Filter the entries below down to the lines that hold "diagram".

══ RECORDS FOR THIS EXERCISE ══

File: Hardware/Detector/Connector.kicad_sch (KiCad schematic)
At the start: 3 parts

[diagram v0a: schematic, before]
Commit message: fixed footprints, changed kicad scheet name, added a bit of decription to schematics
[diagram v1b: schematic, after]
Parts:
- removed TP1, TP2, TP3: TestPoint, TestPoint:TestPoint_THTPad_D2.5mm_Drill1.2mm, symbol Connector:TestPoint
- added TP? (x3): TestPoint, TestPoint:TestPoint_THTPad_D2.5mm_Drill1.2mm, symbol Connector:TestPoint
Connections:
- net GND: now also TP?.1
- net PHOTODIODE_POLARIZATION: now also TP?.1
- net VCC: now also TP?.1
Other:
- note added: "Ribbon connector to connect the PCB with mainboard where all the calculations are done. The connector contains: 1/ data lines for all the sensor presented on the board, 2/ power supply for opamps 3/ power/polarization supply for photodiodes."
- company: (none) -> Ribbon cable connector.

═══

RESULT BELOW
[diagram v0a: schematic, before]
[diagram v1b: schematic, after]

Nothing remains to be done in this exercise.